Repeat only the lines below from the one containing "line L0 (-12.5, 0) -> (12.5, 0) projected" through the one containing "radius of A0", inclusive, exactly as written.

---- LISTED RECORDS

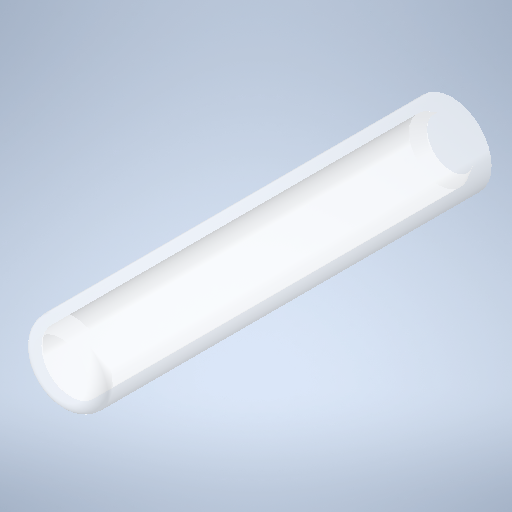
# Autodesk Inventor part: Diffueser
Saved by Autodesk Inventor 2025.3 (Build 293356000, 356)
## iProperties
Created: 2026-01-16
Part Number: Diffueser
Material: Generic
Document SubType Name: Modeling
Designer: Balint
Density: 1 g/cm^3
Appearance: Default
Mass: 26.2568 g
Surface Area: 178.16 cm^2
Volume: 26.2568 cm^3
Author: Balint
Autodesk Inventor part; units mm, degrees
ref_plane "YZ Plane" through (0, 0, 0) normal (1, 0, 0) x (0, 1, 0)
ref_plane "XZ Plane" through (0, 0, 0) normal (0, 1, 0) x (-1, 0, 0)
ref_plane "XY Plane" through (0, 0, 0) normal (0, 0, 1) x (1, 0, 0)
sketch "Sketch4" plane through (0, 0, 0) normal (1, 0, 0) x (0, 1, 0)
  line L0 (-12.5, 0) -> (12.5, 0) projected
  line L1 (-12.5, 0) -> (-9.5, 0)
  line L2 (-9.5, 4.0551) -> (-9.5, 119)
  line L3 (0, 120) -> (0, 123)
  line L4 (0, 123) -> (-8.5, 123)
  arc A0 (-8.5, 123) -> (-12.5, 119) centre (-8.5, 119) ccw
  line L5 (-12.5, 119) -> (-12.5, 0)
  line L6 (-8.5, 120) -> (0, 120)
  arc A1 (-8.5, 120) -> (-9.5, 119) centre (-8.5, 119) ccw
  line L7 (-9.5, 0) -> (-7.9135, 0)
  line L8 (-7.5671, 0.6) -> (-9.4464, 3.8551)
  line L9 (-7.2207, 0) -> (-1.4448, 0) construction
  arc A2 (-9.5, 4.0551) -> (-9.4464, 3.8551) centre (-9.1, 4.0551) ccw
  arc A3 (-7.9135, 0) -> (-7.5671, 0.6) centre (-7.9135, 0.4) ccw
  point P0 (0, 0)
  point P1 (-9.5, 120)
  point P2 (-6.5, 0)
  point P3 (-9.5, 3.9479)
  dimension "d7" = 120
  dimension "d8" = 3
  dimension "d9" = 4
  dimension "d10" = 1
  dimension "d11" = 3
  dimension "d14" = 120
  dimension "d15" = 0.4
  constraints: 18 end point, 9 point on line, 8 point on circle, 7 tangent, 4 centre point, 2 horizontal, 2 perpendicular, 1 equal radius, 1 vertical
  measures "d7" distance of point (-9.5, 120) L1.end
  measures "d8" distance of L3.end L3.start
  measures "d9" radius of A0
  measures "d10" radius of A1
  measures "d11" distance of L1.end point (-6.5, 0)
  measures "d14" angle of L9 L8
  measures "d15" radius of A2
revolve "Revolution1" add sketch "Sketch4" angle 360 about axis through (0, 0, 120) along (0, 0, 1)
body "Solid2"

--------

■ YOUR SOLUTION
  line L0 (-12.5, 0) -> (12.5, 0) projected
  line L1 (-12.5, 0) -> (-9.5, 0)
  line L2 (-9.5, 4.0551) -> (-9.5, 119)
  line L3 (0, 120) -> (0, 123)
  line L4 (0, 123) -> (-8.5, 123)
  arc A0 (-8.5, 123) -> (-12.5, 119) centre (-8.5, 119) ccw
  line L5 (-12.5, 119) -> (-12.5, 0)
  line L6 (-8.5, 120) -> (0, 120)
  arc A1 (-8.5, 120) -> (-9.5, 119) centre (-8.5, 119) ccw
  line L7 (-9.5, 0) -> (-7.9135, 0)
  line L8 (-7.5671, 0.6) -> (-9.4464, 3.8551)
  line L9 (-7.2207, 0) -> (-1.4448, 0) construction
  arc A2 (-9.5, 4.0551) -> (-9.4464, 3.8551) centre (-9.1, 4.0551) ccw
  arc A3 (-7.9135, 0) -> (-7.5671, 0.6) centre (-7.9135, 0.4) ccw
  point P0 (0, 0)
  point P1 (-9.5, 120)
  point P2 (-6.5, 0)
  point P3 (-9.5, 3.9479)
  dimension "d7" = 120
  dimension "d8" = 3
  dimension "d9" = 4
  dimension "d10" = 1
  dimension "d11" = 3
  dimension "d14" = 120
  dimension "d15" = 0.4
  constraints: 18 end point, 9 point on line, 8 point on circle, 7 tangent, 4 centre point, 2 horizontal, 2 perpendicular, 1 equal radius, 1 vertical
  measures "d7" distance of point (-9.5, 120) L1.end
  measures "d8" distance of L3.end L3.start
  measures "d9" radius of A0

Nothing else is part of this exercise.